Stored dataset items:

====================

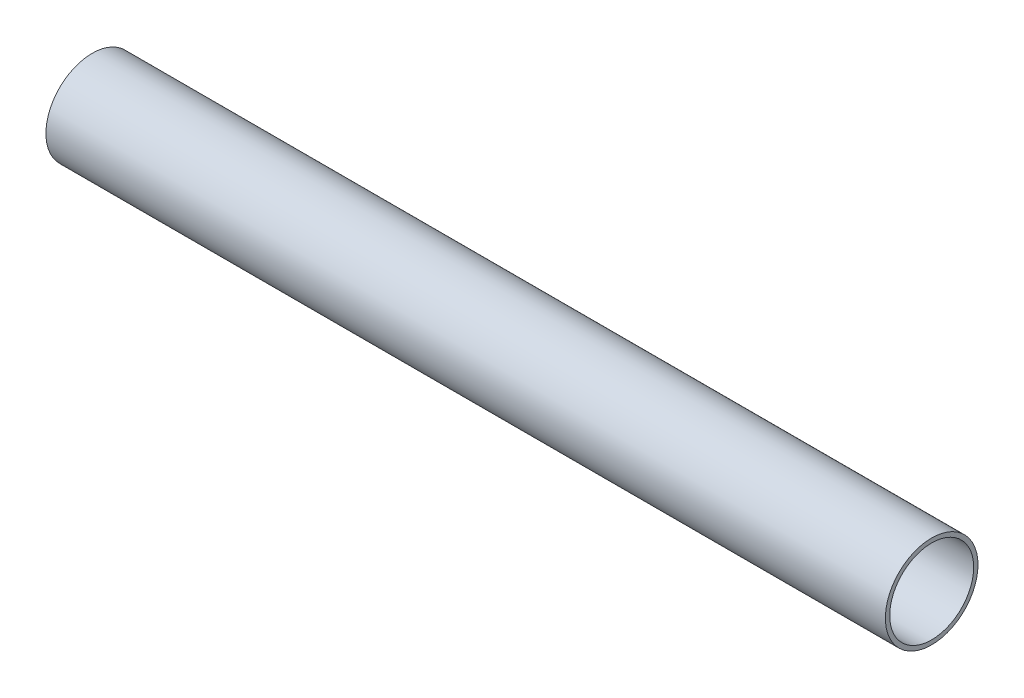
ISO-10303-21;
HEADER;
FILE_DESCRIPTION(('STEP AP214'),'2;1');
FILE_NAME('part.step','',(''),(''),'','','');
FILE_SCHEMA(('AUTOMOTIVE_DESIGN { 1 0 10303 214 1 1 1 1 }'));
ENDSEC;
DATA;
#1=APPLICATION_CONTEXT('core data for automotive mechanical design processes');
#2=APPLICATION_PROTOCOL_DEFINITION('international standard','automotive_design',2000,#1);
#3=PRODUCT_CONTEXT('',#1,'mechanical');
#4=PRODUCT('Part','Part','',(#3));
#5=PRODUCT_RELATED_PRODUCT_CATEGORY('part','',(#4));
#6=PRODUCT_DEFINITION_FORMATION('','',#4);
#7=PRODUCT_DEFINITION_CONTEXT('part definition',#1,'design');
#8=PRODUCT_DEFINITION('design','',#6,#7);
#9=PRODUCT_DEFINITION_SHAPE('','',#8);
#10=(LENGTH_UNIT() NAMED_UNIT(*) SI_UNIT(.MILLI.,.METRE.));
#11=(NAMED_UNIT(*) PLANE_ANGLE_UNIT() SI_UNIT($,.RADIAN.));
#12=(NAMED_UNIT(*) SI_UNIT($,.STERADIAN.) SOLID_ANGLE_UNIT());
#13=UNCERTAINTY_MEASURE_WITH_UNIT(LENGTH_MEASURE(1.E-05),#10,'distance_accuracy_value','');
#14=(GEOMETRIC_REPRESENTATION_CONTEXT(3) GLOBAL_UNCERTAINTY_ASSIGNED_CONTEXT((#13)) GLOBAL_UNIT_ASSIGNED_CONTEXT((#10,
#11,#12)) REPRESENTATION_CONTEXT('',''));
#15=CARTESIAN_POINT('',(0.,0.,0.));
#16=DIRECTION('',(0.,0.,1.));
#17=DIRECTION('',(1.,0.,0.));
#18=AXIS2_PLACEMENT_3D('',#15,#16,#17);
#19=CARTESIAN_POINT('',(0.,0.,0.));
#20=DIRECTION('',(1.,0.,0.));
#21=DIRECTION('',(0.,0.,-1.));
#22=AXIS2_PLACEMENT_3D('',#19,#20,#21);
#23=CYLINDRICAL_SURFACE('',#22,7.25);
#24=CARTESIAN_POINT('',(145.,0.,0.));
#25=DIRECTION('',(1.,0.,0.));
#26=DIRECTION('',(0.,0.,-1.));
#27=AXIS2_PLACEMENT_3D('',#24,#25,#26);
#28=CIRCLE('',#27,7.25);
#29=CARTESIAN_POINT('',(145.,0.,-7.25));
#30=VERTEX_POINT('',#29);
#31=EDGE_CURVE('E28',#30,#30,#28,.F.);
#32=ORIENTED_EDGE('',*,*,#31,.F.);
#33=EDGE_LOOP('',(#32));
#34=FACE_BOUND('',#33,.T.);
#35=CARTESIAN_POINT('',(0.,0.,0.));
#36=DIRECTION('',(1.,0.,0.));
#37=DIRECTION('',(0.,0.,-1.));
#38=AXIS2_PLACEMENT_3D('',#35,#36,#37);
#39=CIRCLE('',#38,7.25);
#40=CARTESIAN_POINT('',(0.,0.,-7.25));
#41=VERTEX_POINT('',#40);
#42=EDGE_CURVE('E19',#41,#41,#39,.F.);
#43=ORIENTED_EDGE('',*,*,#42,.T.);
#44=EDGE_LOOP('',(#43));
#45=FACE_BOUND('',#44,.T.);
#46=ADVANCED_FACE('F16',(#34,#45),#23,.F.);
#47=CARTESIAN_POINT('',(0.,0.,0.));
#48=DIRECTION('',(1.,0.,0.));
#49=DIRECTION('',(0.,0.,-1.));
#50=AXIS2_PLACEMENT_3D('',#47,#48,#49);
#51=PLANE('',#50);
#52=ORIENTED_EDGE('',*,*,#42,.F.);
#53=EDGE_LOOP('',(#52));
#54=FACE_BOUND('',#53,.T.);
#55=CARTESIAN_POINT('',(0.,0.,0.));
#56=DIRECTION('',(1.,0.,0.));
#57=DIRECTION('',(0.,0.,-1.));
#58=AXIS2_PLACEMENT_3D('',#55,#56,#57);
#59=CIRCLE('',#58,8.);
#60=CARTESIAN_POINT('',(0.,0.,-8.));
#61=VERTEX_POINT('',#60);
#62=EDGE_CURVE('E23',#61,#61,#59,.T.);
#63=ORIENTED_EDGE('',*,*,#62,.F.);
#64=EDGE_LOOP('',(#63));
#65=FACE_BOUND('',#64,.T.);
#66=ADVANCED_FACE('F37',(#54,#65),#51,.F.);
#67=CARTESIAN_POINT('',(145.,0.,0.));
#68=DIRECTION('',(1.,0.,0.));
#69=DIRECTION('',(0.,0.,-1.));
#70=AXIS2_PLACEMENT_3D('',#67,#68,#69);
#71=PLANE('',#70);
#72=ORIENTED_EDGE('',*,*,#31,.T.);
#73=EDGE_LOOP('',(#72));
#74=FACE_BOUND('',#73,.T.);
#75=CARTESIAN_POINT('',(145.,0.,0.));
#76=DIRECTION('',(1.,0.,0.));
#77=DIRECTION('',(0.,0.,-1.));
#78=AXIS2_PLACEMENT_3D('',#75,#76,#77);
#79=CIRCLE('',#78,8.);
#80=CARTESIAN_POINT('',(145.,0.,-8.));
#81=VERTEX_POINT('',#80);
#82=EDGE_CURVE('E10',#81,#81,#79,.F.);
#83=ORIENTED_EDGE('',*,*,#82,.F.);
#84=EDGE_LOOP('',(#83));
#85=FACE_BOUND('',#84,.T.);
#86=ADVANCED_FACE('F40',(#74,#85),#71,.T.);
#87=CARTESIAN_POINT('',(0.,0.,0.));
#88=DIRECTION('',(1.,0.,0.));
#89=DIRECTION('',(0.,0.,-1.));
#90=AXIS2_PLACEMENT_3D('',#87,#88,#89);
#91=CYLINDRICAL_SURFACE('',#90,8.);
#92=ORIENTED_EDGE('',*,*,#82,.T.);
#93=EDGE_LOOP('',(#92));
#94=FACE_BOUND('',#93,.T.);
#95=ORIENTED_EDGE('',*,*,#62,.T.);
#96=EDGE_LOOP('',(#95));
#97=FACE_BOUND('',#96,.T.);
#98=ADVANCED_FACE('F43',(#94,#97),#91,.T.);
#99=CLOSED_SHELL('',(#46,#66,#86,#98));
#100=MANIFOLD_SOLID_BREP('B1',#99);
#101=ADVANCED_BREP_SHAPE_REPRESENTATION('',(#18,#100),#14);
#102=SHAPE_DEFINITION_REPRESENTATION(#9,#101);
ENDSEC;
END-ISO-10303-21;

====================

The response must match the data line for line, from its first line through the line with "#22=AXIS2_PLACEMENT_3D('',#19,#20,#21);", inclusive, and must leave out the pictures.

## [EXERCISE RESULT]
ISO-10303-21;
HEADER;
FILE_DESCRIPTION(('STEP AP214'),'2;1');
FILE_NAME('part.step','',(''),(''),'','','');
FILE_SCHEMA(('AUTOMOTIVE_DESIGN { 1 0 10303 214 1 1 1 1 }'));
ENDSEC;
DATA;
#1=APPLICATION_CONTEXT('core data for automotive mechanical design processes');
#2=APPLICATION_PROTOCOL_DEFINITION('international standard','automotive_design',2000,#1);
#3=PRODUCT_CONTEXT('',#1,'mechanical');
#4=PRODUCT('Part','Part','',(#3));
#5=PRODUCT_RELATED_PRODUCT_CATEGORY('part','',(#4));
#6=PRODUCT_DEFINITION_FORMATION('','',#4);
#7=PRODUCT_DEFINITION_CONTEXT('part definition',#1,'design');
#8=PRODUCT_DEFINITION('design','',#6,#7);
#9=PRODUCT_DEFINITION_SHAPE('','',#8);
#10=(LENGTH_UNIT() NAMED_UNIT(*) SI_UNIT(.MILLI.,.METRE.));
#11=(NAMED_UNIT(*) PLANE_ANGLE_UNIT() SI_UNIT($,.RADIAN.));
#12=(NAMED_UNIT(*) SI_UNIT($,.STERADIAN.) SOLID_ANGLE_UNIT());
#13=UNCERTAINTY_MEASURE_WITH_UNIT(LENGTH_MEASURE(1.E-05),#10,'distance_accuracy_value','');
#14=(GEOMETRIC_REPRESENTATION_CONTEXT(3) GLOBAL_UNCERTAINTY_ASSIGNED_CONTEXT((#13)) GLOBAL_UNIT_ASSIGNED_CONTEXT((#10,
#11,#12)) REPRESENTATION_CONTEXT('',''));
#15=CARTESIAN_POINT('',(0.,0.,0.));
#16=DIRECTION('',(0.,0.,1.));
#17=DIRECTION('',(1.,0.,0.));
#18=AXIS2_PLACEMENT_3D('',#15,#16,#17);
#19=CARTESIAN_POINT('',(0.,0.,0.));
#20=DIRECTION('',(1.,0.,0.));
#21=DIRECTION('',(0.,0.,-1.));
#22=AXIS2_PLACEMENT_3D('',#19,#20,#21);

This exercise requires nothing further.